▶ [AIM OF THE TASK]
The listing below has to be output exactly as given, less its pictures.

▶ [TASK INPUT]
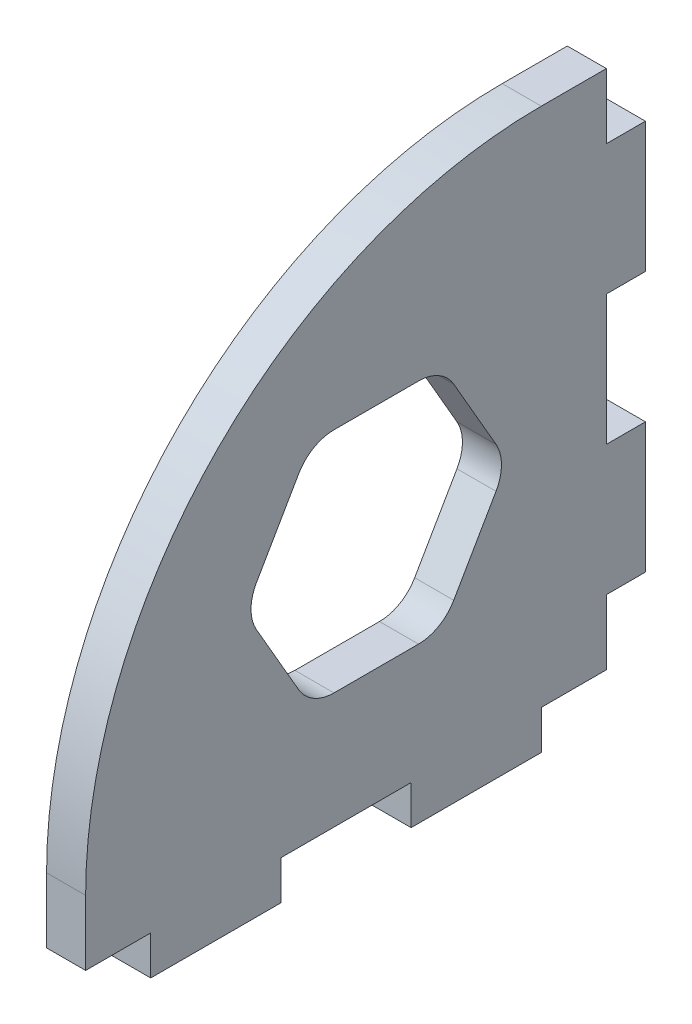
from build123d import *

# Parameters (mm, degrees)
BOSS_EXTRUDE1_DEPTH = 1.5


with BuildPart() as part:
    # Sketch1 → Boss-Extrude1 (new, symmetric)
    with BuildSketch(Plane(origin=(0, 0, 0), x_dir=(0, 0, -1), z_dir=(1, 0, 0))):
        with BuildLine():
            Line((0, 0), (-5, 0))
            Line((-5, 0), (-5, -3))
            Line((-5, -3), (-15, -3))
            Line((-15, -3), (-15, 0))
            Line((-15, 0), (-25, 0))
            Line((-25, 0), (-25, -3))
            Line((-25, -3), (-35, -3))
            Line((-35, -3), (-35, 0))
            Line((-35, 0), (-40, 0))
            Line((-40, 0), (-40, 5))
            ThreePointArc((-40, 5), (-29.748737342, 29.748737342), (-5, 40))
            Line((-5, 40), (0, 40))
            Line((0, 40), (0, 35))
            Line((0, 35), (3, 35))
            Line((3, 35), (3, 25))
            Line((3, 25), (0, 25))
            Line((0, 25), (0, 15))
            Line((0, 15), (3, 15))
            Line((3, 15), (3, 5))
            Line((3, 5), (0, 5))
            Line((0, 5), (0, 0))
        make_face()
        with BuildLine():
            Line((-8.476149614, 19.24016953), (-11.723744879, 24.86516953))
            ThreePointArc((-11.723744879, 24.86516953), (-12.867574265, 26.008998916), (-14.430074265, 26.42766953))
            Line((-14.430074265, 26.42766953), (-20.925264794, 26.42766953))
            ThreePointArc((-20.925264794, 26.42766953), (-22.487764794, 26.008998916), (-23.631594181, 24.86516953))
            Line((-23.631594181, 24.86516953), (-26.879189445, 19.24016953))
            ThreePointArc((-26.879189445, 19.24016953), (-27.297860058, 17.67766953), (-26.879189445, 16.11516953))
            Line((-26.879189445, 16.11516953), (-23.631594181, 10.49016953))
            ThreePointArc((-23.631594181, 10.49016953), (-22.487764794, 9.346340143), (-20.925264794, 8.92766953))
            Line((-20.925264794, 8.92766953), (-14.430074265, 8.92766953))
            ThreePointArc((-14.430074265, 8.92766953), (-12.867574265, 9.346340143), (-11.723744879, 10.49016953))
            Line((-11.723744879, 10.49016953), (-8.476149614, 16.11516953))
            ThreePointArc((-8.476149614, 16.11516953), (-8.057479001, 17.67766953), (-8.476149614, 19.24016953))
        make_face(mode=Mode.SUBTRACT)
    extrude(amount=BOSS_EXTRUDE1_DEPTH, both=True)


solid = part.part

▶ [REPLY TO THE EXERCISE]
from build123d import *

# Parameters (mm, degrees)
BOSS_EXTRUDE1_DEPTH = 1.5


with BuildPart() as part:
    # Sketch1 → Boss-Extrude1 (new, symmetric)
    with BuildSketch(Plane(origin=(0, 0, 0), x_dir=(0, 0, -1), z_dir=(1, 0, 0))):
        with BuildLine():
            Line((0, 0), (-5, 0))
            Line((-5, 0), (-5, -3))
            Line((-5, -3), (-15, -3))
            Line((-15, -3), (-15, 0))
            Line((-15, 0), (-25, 0))
            Line((-25, 0), (-25, -3))
            Line((-25, -3), (-35, -3))
            Line((-35, -3), (-35, 0))
            Line((-35, 0), (-40, 0))
            Line((-40, 0), (-40, 5))
            ThreePointArc((-40, 5), (-29.748737342, 29.748737342), (-5, 40))
            Line((-5, 40), (0, 40))
            Line((0, 40), (0, 35))
            Line((0, 35), (3, 35))
            Line((3, 35), (3, 25))
            Line((3, 25), (0, 25))
            Line((0, 25), (0, 15))
            Line((0, 15), (3, 15))
            Line((3, 15), (3, 5))
            Line((3, 5), (0, 5))
            Line((0, 5), (0, 0))
        make_face()
        with BuildLine():
            Line((-8.476149614, 19.24016953), (-11.723744879, 24.86516953))
            ThreePointArc((-11.723744879, 24.86516953), (-12.867574265, 26.008998916), (-14.430074265, 26.42766953))
            Line((-14.430074265, 26.42766953), (-20.925264794, 26.42766953))
            ThreePointArc((-20.925264794, 26.42766953), (-22.487764794, 26.008998916), (-23.631594181, 24.86516953))
            Line((-23.631594181, 24.86516953), (-26.879189445, 19.24016953))
            ThreePointArc((-26.879189445, 19.24016953), (-27.297860058, 17.67766953), (-26.879189445, 16.11516953))
            Line((-26.879189445, 16.11516953), (-23.631594181, 10.49016953))
            ThreePointArc((-23.631594181, 10.49016953), (-22.487764794, 9.346340143), (-20.925264794, 8.92766953))
            Line((-20.925264794, 8.92766953), (-14.430074265, 8.92766953))
            ThreePointArc((-14.430074265, 8.92766953), (-12.867574265, 9.346340143), (-11.723744879, 10.49016953))
            Line((-11.723744879, 10.49016953), (-8.476149614, 16.11516953))
            ThreePointArc((-8.476149614, 16.11516953), (-8.057479001, 17.67766953), (-8.476149614, 19.24016953))
        make_face(mode=Mode.SUBTRACT)
    extrude(amount=BOSS_EXTRUDE1_DEPTH, both=True)


solid = part.part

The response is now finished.